47 Sequelas: 1. Na medicina, é a anomalia consequente a uma moléstia, da qual deriva direta ou indiretamente. 2. Ato ou efeito de seguir. 3. Grupo de pessoas que seguem o interesse de alguém; bando. 4. Efeito de uma causa; consequência, resultado. 5. Ato ou efeito de dar seguimento a algo que foi iniciado; sequência, continuação. 6. Sequência ou cadeia de fatos, coisas, objetos; série, sucessão. 7. Possibilidade de acompanhar a coisa onerada nas mãos de qualquer detentor e exercer sobre ela as prerrogativas de seu direito.
48 Saúde: 1. Estado de equilíbrio dinâmico entre o organismo e o seu ambiente, o qual mantém as características estruturais e funcionais do organismo dentro dos limites normais para sua forma de vida e para a sua fase do ciclo vital. 2. Estado de boa disposição física e psíquica; bem-estar. 3. Brinde, saudação que se faz bebendo à saúde de alguém. 4. Força física; robustez, vigor, energia.

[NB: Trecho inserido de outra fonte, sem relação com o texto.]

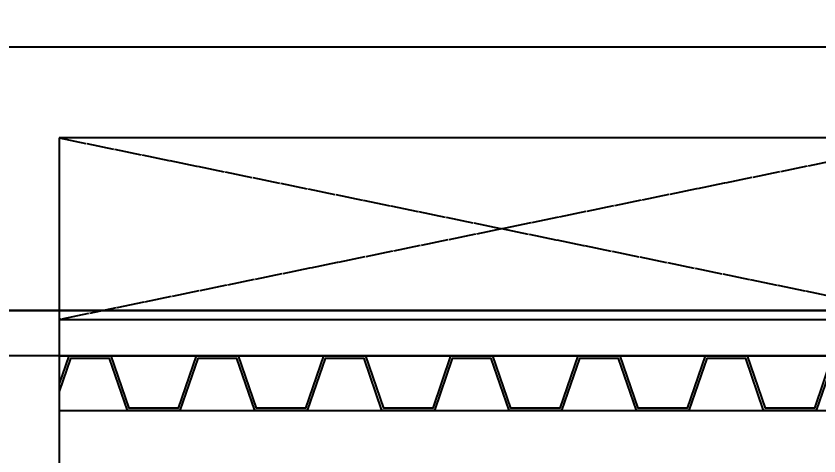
# Model space of a CAD drawing. Header units: millimetres. Extents: x 5544 to 245194, y -610088 to 30375.
# Drawn here: x 66756 to 68523, y -2870 to -1902 of the extents above; entities that cross this region are included whole.
import ezdxf

# ---------------------------------------------------------------- set-up
doc = ezdxf.new("R2010")
doc.units = ezdxf.units.MM
doc.linetypes.add('주단면도-1$0$CEN', pattern=[62, 60, -1, 0, -1])
for name, color, linetype in [('15', 15, 'Continuous'), ('A-CEN', 22, 'Continuous'), ('A-SECT-DRBD', 4, 'Continuous'), ('A-ST-CONC', 2, 'Continuous'), ('FIN-4', 4, 'Continuous'), ('주단면도-1$0$A-FLOR-OPEN-BELO', 6, '주단면도-1$0$CEN'), ('주단면도-1$0$A-ST-CONC', 2, 'Continuous')]:
    doc.layers.add(name, color=color, linetype=linetype)
doc.styles.add('ROMAND', font='gulim.ttc', dxfattribs={"oblique": 15})
doc.dimstyles.new('DIM-A-002-단면', dxfattribs={"dimscale": 330, "dimtxt": 1, "dimasz": 0.4, "dimexe": 0.2, "dimexo": 0.3, "dimgap": 0.4, "dimtad": 1, "dimdec": 0, "dimtxsty": 'ROMAND', "dimcen": 0, "dimclrd": 15, "dimclre": 15, "dimclrt": 3, "dimadec": 0, "dimazin": 0, "dimtfac": 1, "dimtmove": 0, "dimatfit": 3, "dimfxl": 1, "dimarcsym": 0})
doc.dimstyles.new('DIM-A-002-단면2', dxfattribs={"dimscale": 200, "dimtxt": 1, "dimasz": 0.4, "dimexe": 0.2, "dimexo": 0.3, "dimgap": 0.4, "dimtad": 1, "dimdec": 0, "dimtxsty": 'ROMAND', "dimcen": 0, "dimclrd": 15, "dimclre": 15, "dimclrt": 3, "dimadec": 0, "dimazin": 0, "dimtfac": 1, "dimtmove": 0, "dimatfit": 3, "dimfxl": 1, "dimarcsym": 0})

# ---------------------------------------------------------------- blocks, each defined once
blk = doc.blocks.new('*D2910')
at = {"layer": '15', "color": 15, "lineweight": -2, "ltscale": 600}
for p, q in [((67256.7, -1370.4), (64265.7, -1370.4)), ((64305.7, -1450.4), (64305.7, -1740.4)), ((67256.7, -1820.4), (64265.7, -1820.4)), ((64305.7, -1820.4), (64305.7, -2514.2))]:
    blk.add_line(p, q, dxfattribs=at)
at = {"layer": '15', "color": 15}
for points in [[(64319, -1450.4), (64292.3, -1450.4), (64305.7, -1370.4)], [(64292.3, -1740.4), (64319, -1740.4), (64305.7, -1820.4)]]:
    blk.add_solid(points, dxfattribs=at)
at = {"layer": 'Defpoints', "color": 0}
for p in [(67316.7, -1370.4), (64305.7, -1820.4), (67316.7, -1820.4)]:
    blk.add_point(p, dxfattribs=at)
at = {"layer": '15', "color": 3, "ltscale": 600, "insert": (64123.1, -2207.3), "char_height": 200, "attachment_point": 5, "rotation": 90, "style": 'ROMAND'}
blk.add_mtext('450', dxfattribs=at)
blk = doc.blocks.new('*D2912')
at = {"layer": '15', "color": 15, "lineweight": -2, "ltscale": 600}
for p, q in [((66942.3, -1370.4), (64255.6, -1370.4)), ((64295.6, -1450.4), (64295.6, -1740.4)), ((68720.5, -1820.4), (64255.6, -1820.4)), ((64295.6, -1820.4), (64295.6, -3739.7))]:
    blk.add_line(p, q, dxfattribs=at)
at = {"layer": '15', "color": 15}
for points in [[(64308.9, -1450.4), (64282.2, -1450.4), (64295.6, -1370.4)], [(64282.2, -1740.4), (64308.9, -1740.4), (64295.6, -1820.4)]]:
    blk.add_solid(points, dxfattribs=at)
at = {"layer": 'Defpoints', "color": 0}
for p in [(67002.3, -1370.4), (64295.6, -1820.4), (68780.5, -1820.4)]:
    blk.add_point(p, dxfattribs=at)
at = {"layer": '15', "color": 3, "ltscale": 600, "char_height": 200, "attachment_point": 5, "rotation": 90, "style": 'ROMAND'}
for s, insert in [('2UP OPEN 450', (64112.1, -2820)), ('[방화도어]', (64500.7, -2820))]:
    blk.add_mtext(s, dxfattribs=dict(at, insert=insert))
blk = doc.blocks.new('*D2922')
at = {"layer": '15', "color": 15, "lineweight": -2, "ltscale": 600}
for p, q in [((68525.9, -1820.4), (61109.8, -1820.4)), ((61175.8, -1952.4), (61175.8, -2518.4)), ((69052.9, -2650.4), (61109.8, -2650.4)), ((61175.8, -2650.4), (61175.8, -3795))]:
    blk.add_line(p, q, dxfattribs=at)
at = {"layer": '15', "color": 15}
for points in [[(61197.8, -1952.4), (61153.8, -1952.4), (61175.8, -1820.4)], [(61153.8, -2518.4), (61197.8, -2518.4), (61175.8, -2650.4)]]:
    blk.add_solid(points, dxfattribs=at)
at = {"layer": 'Defpoints', "color": 0}
for p in [(68624.9, -1820.4), (61175.8, -2650.4), (69151.9, -2650.4)]:
    blk.add_point(p, dxfattribs=at)
at = {"layer": '15', "color": 3, "ltscale": 600, "insert": (60875, -3288.7), "char_height": 330, "attachment_point": 5, "rotation": 90, "style": 'ROMAND'}
blk.add_mtext('830', dxfattribs=at)
blk = doc.blocks.new('*D2925')
at = {"layer": '15', "color": 15, "lineweight": -2, "ltscale": 600}
for p, q in [((61974.5, -2418.4), (61974.5, -2286.4)), ((69052.9, -2550.4), (61908.5, -2550.4)), ((61974.5, -2550.4), (61974.5, -2650.4)), ((69052.9, -2650.4), (61908.5, -2650.4)), ((61974.5, -2782.4), (61974.5, -5502))]:
    blk.add_line(p, q, dxfattribs=at)
at = {"layer": '15', "color": 15}
for points in [[(61952.5, -2418.4), (61996.5, -2418.4), (61974.5, -2550.4)], [(61996.5, -2782.4), (61952.5, -2782.4), (61974.5, -2650.4)]]:
    blk.add_solid(points, dxfattribs=at)
at = {"layer": 'Defpoints', "color": 0}
for p in [(69151.9, -2550.4), (61974.5, -2650.4), (69151.9, -2650.4)]:
    blk.add_point(p, dxfattribs=at)
at = {"layer": '15', "color": 3, "ltscale": 600, "insert": (61664.8, -4208.2), "char_height": 330, "attachment_point": 5, "rotation": 90, "style": 'ROMAND'}
blk.add_mtext('무근 100mm', dxfattribs=at)

msp = doc.modelspace()

# ---------------------------------------------------------------- linework, layer by layer
at = {"layer": 'A-CEN'}
msp.add_line((64878.7, -2550.4), (74404.7, -2550.4), dxfattribs=at)
at = {"layer": 'A-SECT-DRBD'}
for points in [[(68552.7, -2650.4), (68513.2, -2765), (68405.4, -2765), (68366, -2650.4), (68272.7, -2650.4), (68233.2, -2765), (68125.4, -2765), (68086, -2650.4), (67992.7, -2650.4), (67953.3, -2765), (67845.5, -2765), (67806, -2650.4), (67712.7, -2650.4), (67673.3, -2765), (67565.5, -2765), (67526, -2650.4), (67432.7, -2650.4), (67393.2, -2765), (67285.4, -2765), (67246, -2650.4), (67152.7, -2650.4), (67113.2, -2765), (67005.4, -2765), (66966, -2650.4), (66872.7, -2650.4), (66851.5, -2712)], [(68556.5, -2655.7), (68517, -2770.4), (68401.6, -2770.4), (68362.2, -2655.7), (68276.5, -2655.7), (68237, -2770.4), (68121.6, -2770.4), (68082.2, -2655.7), (67996.5, -2655.7), (67957.1, -2770.4), (67841.7, -2770.4), (67802.2, -2655.7), (67716.5, -2655.7), (67677.1, -2770.4), (67561.7, -2770.4), (67522.2, -2655.7), (67436.5, -2655.7), (67397, -2770.4), (67281.6, -2770.4), (67242.2, -2655.7), (67156.5, -2655.7), (67117, -2770.4), (67001.6, -2770.4), (66962.2, -2655.7), (66876.5, -2655.7), (66851.5, -2728.4)]]:
    msp.add_lwpolyline(points, dxfattribs=at)
at = {"layer": 'A-ST-CONC'}
msp.add_line((66851.5, -2770.4), (69651.5, -2770.4), dxfattribs=at)
at = {"layer": 'FIN-4'}
for p, q in [((66851.5, -2570.4), (68851.5, -2570.4)), ((66851.5, -2650.4), (68851.5, -2650.4))]:
    msp.add_line(p, q, dxfattribs=at)
at = {"layer": '주단면도-1$0$A-FLOR-OPEN-BELO'}
for p, q in [((68801.5, -2170.4), (66851.5, -2570.4)), ((66851.5, -2170.4), (68801.5, -2570.4))]:
    msp.add_line(p, q, dxfattribs=at)
at = {"layer": '주단면도-1$0$A-ST-CONC'}
for p, q in [((66551.5, -1970.4), (68851.5, -1970.4)), ((66851.5, -2170.4), (66851.5, -7570.4)), ((68851.5, -2170.4), (66851.5, -2170.4)), ((66851.5, -2770.4), (72601.5, -2770.4))]:
    msp.add_line(p, q, dxfattribs=at)

# ---------------------------------------------------------------- dimensions: what is measured, and where the dimension line sits
at = {"layer": '15', "ltscale": 600}
for base, p1, p2, text, dimstyle, picture, middle in [((64295.6, -1820.4), (67002.3, -1370.4), (68780.5, -1820.4), '2UP OPEN <>\\X[방화도어]', 'DIM-A-002-단면2', '*D2912', (64295.6, -2820)), ((61974.5, -2650.4), (69151.9, -2550.4), (69151.9, -2650.4), '무근 <>mm', 'DIM-A-002-단면', '*D2925', (61664.8, -4208.2))]:
    dim = msp.add_linear_dim(base=base, p1=p1, p2=p2, angle=90, text=text, dimstyle=dimstyle, dxfattribs=at)
    dim.commit()
    dim.dimension.update_dxf_attribs({"geometry": picture, "text_midpoint": middle})
for base, p1, p2, dimstyle, picture, middle in [((64305.7, -1820.4), (67316.7, -1370.4), (67316.7, -1820.4), 'DIM-A-002-단면2', '*D2910', (64123.1, -2207.3)), ((61175.8, -2650.4), (68624.9, -1820.4), (69151.9, -2650.4), 'DIM-A-002-단면', '*D2922', (60875, -3288.7))]:
    dim = msp.add_linear_dim(base=base, p1=p1, p2=p2, angle=90, dimstyle=dimstyle, dxfattribs=at)
    dim.commit()
    dim.dimension.update_dxf_attribs({"geometry": picture, "text_midpoint": middle})

doc.saveas('drawing.dxf')

49 Diabetes mellitus: Distúrbio metabólico originado da incapacidade das células de incorporar glicose. De forma secundária, podem estar afetados o metabolismo de gorduras e proteínas.Este distúrbio é produzido por um déficit absoluto ou relativo de insulina. Suas principais características são aumento da glicose sangüínea (glicemia), poliúria, polidipsia (aumento da ingestão de líquidos) e polifagia (aumento da fome).
50 Fadiga: 1. Sensação de enfraquecimento resultante de esforço físico. 2. Trabalho cansativo. 3. Redução gradual da resistência de um material ou da sensibilidade de um equipamento devido ao uso continuado.
51 Deglutição: Passagem dos alimentos desde a boca até o esôfago; ação ou efeito de deglutir; engolir. É um mecanismo em parte voluntário e em parte automático (reflexo) que envolve a musculatura faríngea e o esfíncter esofágico superior.
52 Pneumonia: Inflamação do parênquima pulmonar. Sua causa mais freqüente é a infecção bacteriana, apesar de que pode ser produzida por outros microorganismos. Manifesta-se por febre, tosse, expectoração e dor torácica. Em pacientes idosos ou imunodeprimidos pode ser uma doença fatal.
53 Cognitiva: 1. Relativa ao conhecimento, à cognição. 2. Relativa ao processo mental de percepção, memória, juízo e/ou raciocínio. 3. Diz-se de estados e processos relativos à identificação de um saber dedutível e à resolução de tarefas e problemas determinados. 4. Diz-se dos princípios classificatórios derivados de constatações, percepções e/ou ações que norteiam a passagem das representações simbólicas à experiência, e também da organização hierárquica e da utilização no pensamento e linguagem daqueles mesmos princípios.
54 Inchaço: Inchação, edema.
55 Febre: É a elevação da temperatura do corpo acima dos valores normais para o indivíduo. São aceitos como valores de referência indicativos de febre: temperatura axilar ou oral acima de 37,5°C e temperatura retal acima de 38°C. A febre é uma reação do corpo contra patógenos.
56 Sedentarismo: Qualidade de quem ou do que é sedentário, ou de quem tem vida e/ou hábitos sedentários. Sedentário é aquele que se exercita pouco, que não se movimenta muito.